Somewhere I hear the word “cancer.” Suzanne doesn’t. Maybe the doctor only said it before I went to get her. Maybe it was why I went to get her. Or maybe she does say it now, and Suzanne doesn’t hear it. But we both hear the doctor send me to the emergency room.

“Go to Beth Israel. You know where it is?”

“Yes,” Suzanne answers.

But the doctor tells her anyway. “Out to Brookline Avenue. Take a right. About half a mile. Look for signs on your right. Beth Israel Emergency Room.”

We have been coming to this same health center since 1995, when Suzanne was pregnant with our first child. It is part of the wallpaper of our lives—these halls, this elevator, the second and third floor of the parking garage. The rugs have changed over the years. So has the paint on the walls. As we walk out, both of us are thinking not about me but the kids. We each remember different medical misadventures that brought us here with one of them, usually alone. Twenty-two years of “you do this while I do that.”

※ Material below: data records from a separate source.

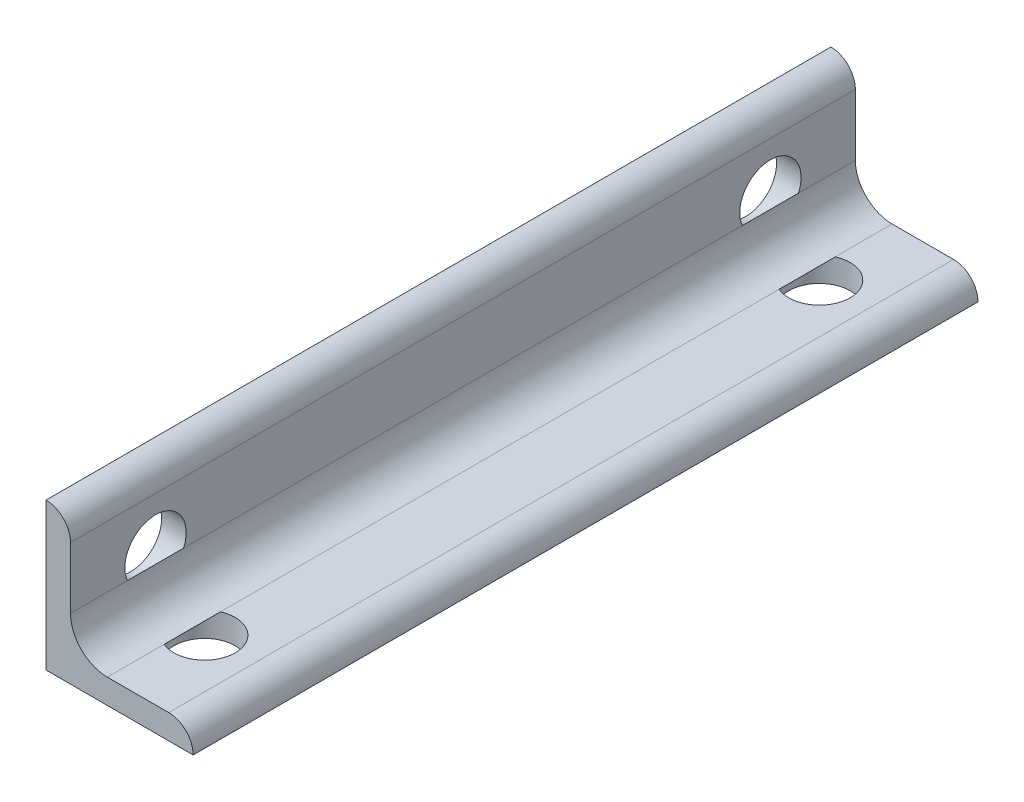
from build123d import *

# Parameters (mm, degrees)
BASESTEELANGLE_DEPTH = 50.8


with BuildPart() as part:
    # Sketch1 → BaseSteelAngle (new, symmetric)
    with BuildSketch(Plane.XY):
        with BuildLine():
            Line((0, 0), (0, 19.05))
            Line((0, 19.05), (0.00508, 19.05))
            ThreePointArc((0.00508, 19.05), (2.246551928, 18.121551928), (3.175, 15.88008))
            Line((3.175, 15.88008), (3.175, 7.9375))
            ThreePointArc((3.175, 7.9375), (4.569903955, 4.569903955), (7.9375, 3.175))
            Line((7.9375, 3.175), (15.88008, 3.175))
            ThreePointArc((15.88008, 3.175), (18.121551928, 2.246551928), (19.05, 0.00508))
            Line((19.05, 0.00508), (19.05, 0))
            Line((19.05, 0), (0, 0))
        make_face()
    extrude(amount=BASESTEELANGLE_DEPTH, both=True)

    # Sketch4 → 5/16 (0.3125) Diameter Hole2 (revolve, cut)
    with BuildSketch(Plane(origin=(9.525, 3.175, 39.8), x_dir=(0, 0, 1), z_dir=(1, 0, 0))):
        Polygon((0, 0), (0, 21.434665582), (3.96875, 19.05), (3.96875, 0), align=None)
    f_5_16_0_3125_diameter_hole2 = revolve(axis=Axis((9.525, 9.525, 39.8), (0, -1, 0)), mode=Mode.SUBTRACT)

    # Mirror1: 5/16 (0.3125) Diameter Hole2 across plane
    add(f_5_16_0_3125_diameter_hole2.mirror(Plane.XY), mode=Mode.SUBTRACT)

    # Sketch6 → 5/16 (0.3125) Diameter Hole3 (revolve, cut)
    with BuildSketch(Plane(origin=(3.175, 9.525, 39.8), x_dir=(0, 0, -1), z_dir=(0, 1, 0))):
        Polygon((0, 0), (0, 21.434665582), (3.96875, 19.05), (3.96875, 0), align=None)
    f_5_16_0_3125_diameter_hole3 = revolve(axis=Axis((9.525, 9.525, 39.8), (-1, 0, 0)), mode=Mode.SUBTRACT)

    # Mirror2: 5/16 (0.3125) Diameter Hole3 across plane
    add(f_5_16_0_3125_diameter_hole3.mirror(Plane.XY), mode=Mode.SUBTRACT)


solid = part.part
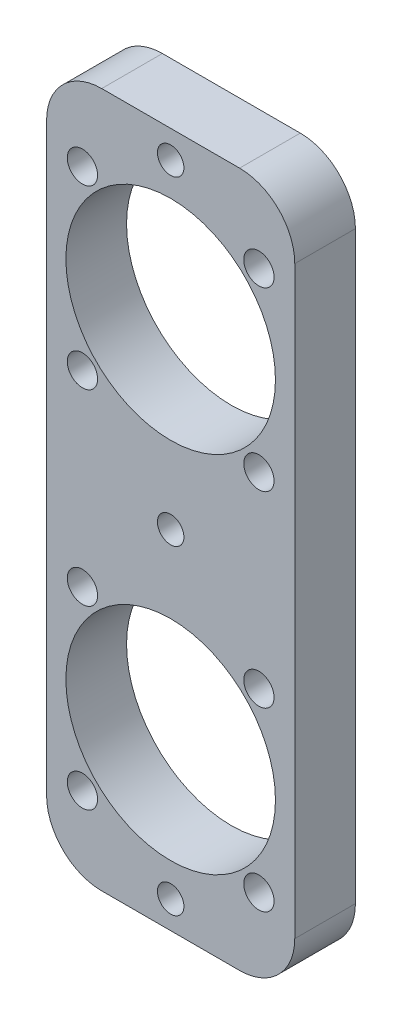
from build123d import *

# Parameters (mm, degrees)
SKETCH1_W            = 45
SKETCH1_H            = 60
BOSS_EXTRUDE1_DEPTH  = 11
SKETCH6_R            = 2.75
CUT_EXTRUDE2_DEPTH   = 8.5
CUT_EXTRUDE3_DEPTH   = 40.080046059
SKETCH11_W           = 45
SKETCH11_H           = 11
BOSS_EXTRUDE2_DEPTH  = 6
M4_CLEARANCE_HOLE2_D = 4.8
FILLET1_R            = 10


with BuildPart() as part:
    # Sketch1 → Boss-Extrude1 (new body)
    with BuildSketch(Plane.XY):
        Rectangle(SKETCH1_W, SKETCH1_H)
    boss_extrude1 = extrude(amount=-BOSS_EXTRUDE1_DEPTH)

    # Sketch6 → Cut-Extrude2 (cut)
    with BuildSketch(Plane.XY):
        with Locations((-16, 16)):
            Circle(SKETCH6_R)
        with Locations((16, 16)):
            Circle(SKETCH6_R)
        with Locations((16, -16)):
            Circle(SKETCH6_R)
        with Locations((-16, -16)):
            Circle(SKETCH6_R)
    cut_extrude2 = extrude(amount=-CUT_EXTRUDE2_DEPTH, mode=Mode.SUBTRACT)

    # Sketch7 → Cut-Extrude3 (cut, through all)
    with BuildSketch(Plane.XY):
        with BuildLine():
            ThreePointArc((19, 0), (0, 19), (-19, 0))
            ThreePointArc((-19, 0), (0, -19), (19, 0))
        make_face()
    cut_extrude3 = extrude(amount=-CUT_EXTRUDE3_DEPTH, mode=Mode.SUBTRACT)

    # Sketch11 → Boss-Extrude2 (add)
    with BuildSketch(Plane.XZ.offset(30)):
        with Locations((0, -5.5)):
            Rectangle(SKETCH11_W, SKETCH11_H)
    extrude(amount=BOSS_EXTRUDE2_DEPTH)

    # Mirror1: Boss-Extrude1, Cut-Extrude2, Cut-Extrude3 across plane
    add(boss_extrude1.mirror(Plane(origin=(0, -33, 0), x_dir=(0, 0, 1), z_dir=(0, -1, 0))))
    add(cut_extrude2.mirror(Plane(origin=(0, -33, 0), x_dir=(0, 0, 1), z_dir=(0, -1, 0))), mode=Mode.SUBTRACT)
    add(cut_extrude3.mirror(Plane(origin=(0, -33, 0), x_dir=(0, 0, 1), z_dir=(0, -1, 0))), mode=Mode.SUBTRACT)

    # M4 Clearance Hole2 (through all)
    with Locations(Plane.XY):
        with Locations((0, -91), (0, -33), (0, 25)):
            Hole(M4_CLEARANCE_HOLE2_D / 2)

    # Fillet1
    fillet1_edges = [part.edges().sort_by_distance(p)[0] for p in [
        (-22.5, -96, -5.5),
        (22.5, -96, -5.5),
        (22.5, 30, -5.5),
        (-22.5, 30, -5.5),
    ]]
    fillet(fillet1_edges, radius=FILLET1_R)


solid = part.part
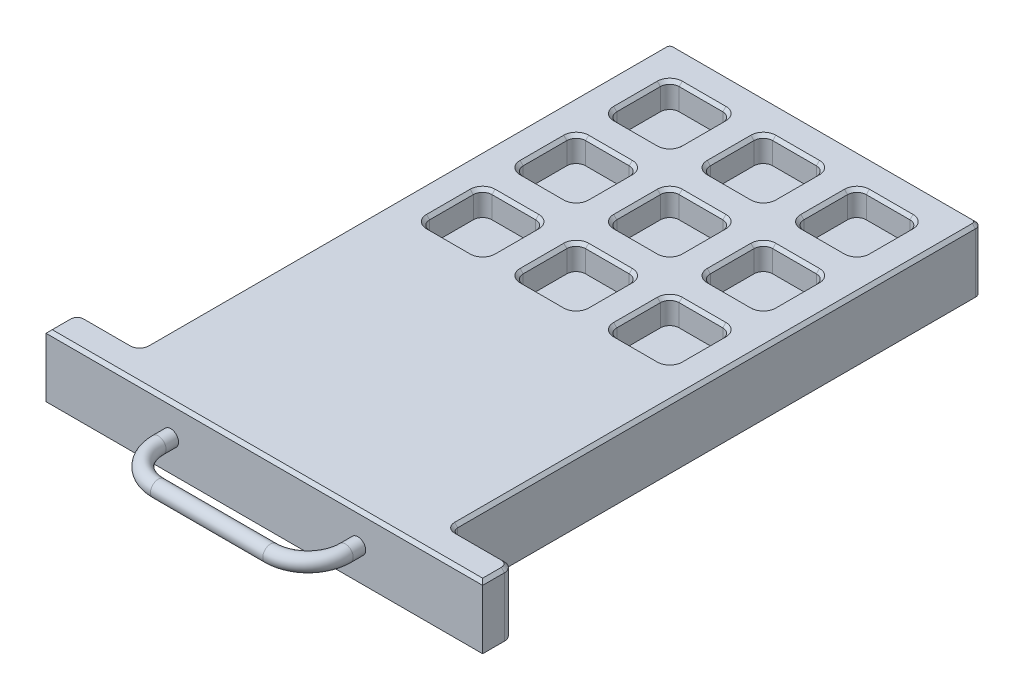
from build123d import *

# Parameters (mm, degrees)
EXTRUDE_1_DEPTH             = 20
CUT_EXTRUDE_3_DEPTH         = 8
PATTERN_LINEAR_3_COUNT      = 3
PATTERN_LINEAR_3_PITCH      = 30
PATTERN_LINEAR_3_COUNT_DIR2 = 3
PATTERN_LINEAR_3_PITCH_DIR2 = 30
CHAMFER_3_SIZE              = 1
SKETCH_5_R                  = 2.5


with BuildPart() as part:
    # 草图1 → 凸台-拉伸1 (new body)
    with BuildSketch(Plane(origin=(0, 0, 0), x_dir=(1, 0, 0), z_dir=(0, 1, 0))):
        with BuildLine():
            Line((-48, 180), (48, 180))
            ThreePointArc((48, 180), (49.414213562, 179.414213562), (50, 178))
            Line((50, 178), (50, 12))
            ThreePointArc((50, 12), (50.585786438, 10.585786438), (52, 10))
            Line((52, 10), (67, 10))
            ThreePointArc((67, 10), (69.121320344, 9.121320344), (70, 7))
            Line((70, 7), (70, 0))
            Line((70, 0), (-70, 0))
            Line((-70, 0), (-70, 7))
            ThreePointArc((-70, 7), (-69.121320344, 9.121320344), (-67, 10))
            Line((-67, 10), (-52, 10))
            ThreePointArc((-52, 10), (-50.585786438, 10.585786438), (-50, 12))
            Line((-50, 12), (-50, 178))
            ThreePointArc((-50, 178), (-49.414213562, 179.414213562), (-48, 180))
        make_face()
    extrude(amount=EXTRUDE_1_DEPTH)

    # 草图3 → 切除-拉伸3 (cut)
    with BuildSketch(Plane(origin=(0, 20, 0), x_dir=(1, 0, 0), z_dir=(0, 1, 0))):
        with BuildLine():
            Line((-37, 170), (-23, 170))
            ThreePointArc((-23, 170), (-20.878679656, 169.121320344), (-20, 167))
            Line((-20, 167), (-20, 153))
            ThreePointArc((-20, 153), (-20.878679656, 150.878679656), (-23, 150))
            Line((-23, 150), (-37, 150))
            ThreePointArc((-37, 150), (-39.121320344, 150.878679656), (-40, 153))
            Line((-40, 153), (-40, 167))
            ThreePointArc((-40, 167), (-39.121320344, 169.121320344), (-37, 170))
        make_face()
    cut_extrude_3 = extrude(amount=-CUT_EXTRUDE_3_DEPTH, mode=Mode.SUBTRACT)

    # 阵列(线性)3: Cut-Extrude 3 3 × 3
    with Locations(*[(i * PATTERN_LINEAR_3_PITCH, 0, j * PATTERN_LINEAR_3_PITCH_DIR2) for i in range(PATTERN_LINEAR_3_COUNT) for j in range(PATTERN_LINEAR_3_COUNT_DIR2) if (i, j) != (0, 0)]):
        add(cut_extrude_3, mode=Mode.SUBTRACT)

    # 倒角3
    chamfer_3_edges = [part.edges().sort_by_distance(p)[0] for p in [
        (40, 20, -100),
        (39.121320344, 20, -109.121320344),
        (30, 20, -110),
        (20.878679656, 20, -109.121320344),
        (20, 20, -100),
        (20.878679656, 20, -90.878679656),
        (30, 20, -90),
        (39.121320344, 20, -90.878679656),
        (10, 20, -100),
        (9.121320344, 20, -109.121320344),
        (0, 20, -110),
        (-9.121320344, 20, -109.121320344),
        (-10, 20, -100),
        (-9.121320344, 20, -90.878679656),
        (0, 20, -90),
        (9.121320344, 20, -90.878679656),
        (-20, 20, -100),
        (-20.878679656, 20, -109.121320344),
        (-30, 20, -110),
        (-39.121320344, 20, -109.121320344),
        (-40, 20, -100),
        (-39.121320344, 20, -90.878679656),
        (-30, 20, -90),
        (-20.878679656, 20, -90.878679656),
        (40, 20, -130),
        (39.121320344, 20, -139.121320344),
        (30, 20, -140),
        (20.878679656, 20, -139.121320344),
        (20, 20, -130),
        (20.878679656, 20, -120.878679656),
        (30, 20, -120),
        (39.121320344, 20, -120.878679656),
        (10, 20, -130),
        (9.121320344, 20, -139.121320344),
        (0, 20, -140),
        (-9.121320344, 20, -139.121320344),
        (-10, 20, -130),
        (-9.121320344, 20, -120.878679656),
        (0, 20, -120),
        (9.121320344, 20, -120.878679656),
        (-20, 20, -130),
        (-20.878679656, 20, -139.121320344),
        (-30, 20, -140),
        (-39.121320344, 20, -139.121320344),
        (-40, 20, -130),
        (-39.121320344, 20, -120.878679656),
        (-30, 20, -120),
        (-20.878679656, 20, -120.878679656),
        (40, 20, -160),
        (39.121320344, 20, -169.121320344),
        (30, 20, -170),
        (20.878679656, 20, -169.121320344),
        (20, 20, -160),
        (20.878679656, 20, -150.878679656),
        (30, 20, -150),
        (39.121320344, 20, -150.878679656),
        (59.5, 20, -10),
        (69.121320344, 20, -9.121320344),
        (70, 20, -3.5),
        (0, 20, 0),
        (-70, 20, -3.5),
        (-69.121320344, 20, -9.121320344),
        (-59.5, 20, -10),
        (-50.585786438, 20, -10.585786438),
        (-50, 20, -95),
        (-49.414213562, 20, -179.414213562),
        (49.414213562, 20, -179.414213562),
        (50, 20, -95),
        (50.585786438, 20, -10.585786438),
        (-20.878679656, 20, -169.121320344),
        (-30, 20, -170),
        (-39.121320344, 20, -169.121320344),
        (-40, 20, -160),
        (-39.121320344, 20, -150.878679656),
        (-30, 20, -150),
        (-20.878679656, 20, -150.878679656),
        (-20, 20, -160),
        (9.121320344, 20, -169.121320344),
        (0, 20, -170),
        (-9.121320344, 20, -169.121320344),
        (-10, 20, -160),
        (-9.121320344, 20, -150.878679656),
        (0, 20, -150),
        (9.121320344, 20, -150.878679656),
        (10, 20, -160),
        (0, 20, -180),
    ]]
    chamfer(chamfer_3_edges, length=CHAMFER_3_SIZE)

    # 扫描1: sweep along a path in 草图4
    with BuildLine(Plane(origin=(0, 10, 0), x_dir=(-1, 0, 0), z_dir=(0, -1, 0))) as sweep_1_path:
        Line((-30, 0), (-30, -4))
        ThreePointArc((-30, -4), (-26.485281374, -12.485281374), (-18, -16))
        Line((-18, -16), (18, -16))
        ThreePointArc((18, -16), (26.485281374, -12.485281374), (30, -4))
        Line((30, -4), (30, 0))
    # 草图5 → 扫描1 (sweep)
    with BuildSketch(Plane.XY):
        with Locations((-30, 10)):
            Circle(SKETCH_5_R)
    sweep(path=sweep_1_path.line)


solid = part.part
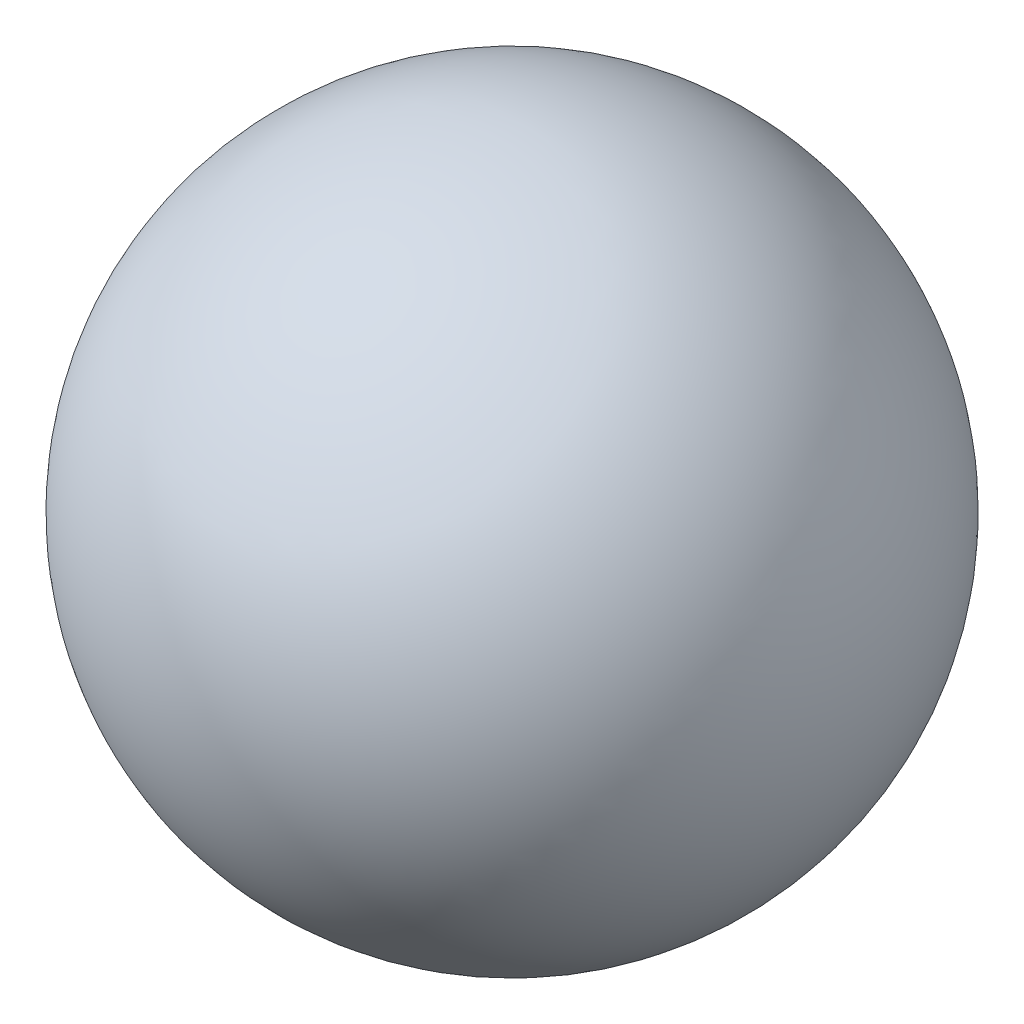
from build123d import *


with BuildPart() as part:
    # Sketch2 → Revolve1 (revolve)
    with BuildSketch(Plane.YZ):
        with BuildLine():
            Line((0, -15), (0, 15))
            ThreePointArc((0, 15), (15, 0), (0, -15))
        make_face()
    revolve(axis=Axis((0, 0, -15), (0, 0, 1)))


solid = part.part

“How long do you think it’s been since the two of us were here together?” I am holding open the door to the second floor of the garage.

“At the same time?” Suzanne is searching through her purse. “Oh. I don’t know. Years?”

We forgot to validate our parking ticket. I start back with her but end up waiting on a bench along the way.

We drive out of the garage in silence. She clenches the top of the wheel. Both hands. And she peers out the windshield the way the doctor was peering up at the computer monitor. We are still silent at the first light. Allowing each other to be silent is a kind of intimacy. Maybe it’s a stage of intimacy—a late stage.

“This is Brookline Avenue?” I ask at the second light. I rarely remember anything about driving in Boston.

“Yes. It goes straight through this intersection.”

“I will never understand this intersection.”

She slides her hands around both sides of the wheel and almost smiles. “I’m pretty sure nobody does.”

At the third light, I ask, “Are you going to drop me off and go home? Check on the kids and come back?”

“I should probably touch base with them.”

“I won’t see a doctor for a couple of hours. You have plenty of time.” Traffic starts moving. “She did tell us, right?” I mean the doctor. “That it isn’t pneumonia?”

“What do you mean it isn’t pneumonia? I didn’t hear that.”

“My chest x-rays were clear. Remember?”

“No.” She is clenching the top of the wheel again. “I don’t remember that at all.”

“Maybe I misunderstood.” I also want to think that it might just be pneumonia. I don’t mention cancer. I don’t mention it because, at this point, I don’t remember hearing that word.

“There it is.” Suzanne points. We are stopped behind traffic at another light, which is changing to green ahead of us.

“But that’s is a left,” I object. “She said a right.”

“This is Beth Israel. All these buildings. Where else could it be?”

“Have you ever seen an emergency room that wasn’t surrounded by enormous, unmissable signs?” Now we are bickering. “And there’s no driveway for ambulances.”

“Maybe the ambulances come in the back.”

We are in the intersection. She stops. The car behind us sits right on our bumper, about to honk. She takes her left. And we drive right past this sign without either of us seeing it.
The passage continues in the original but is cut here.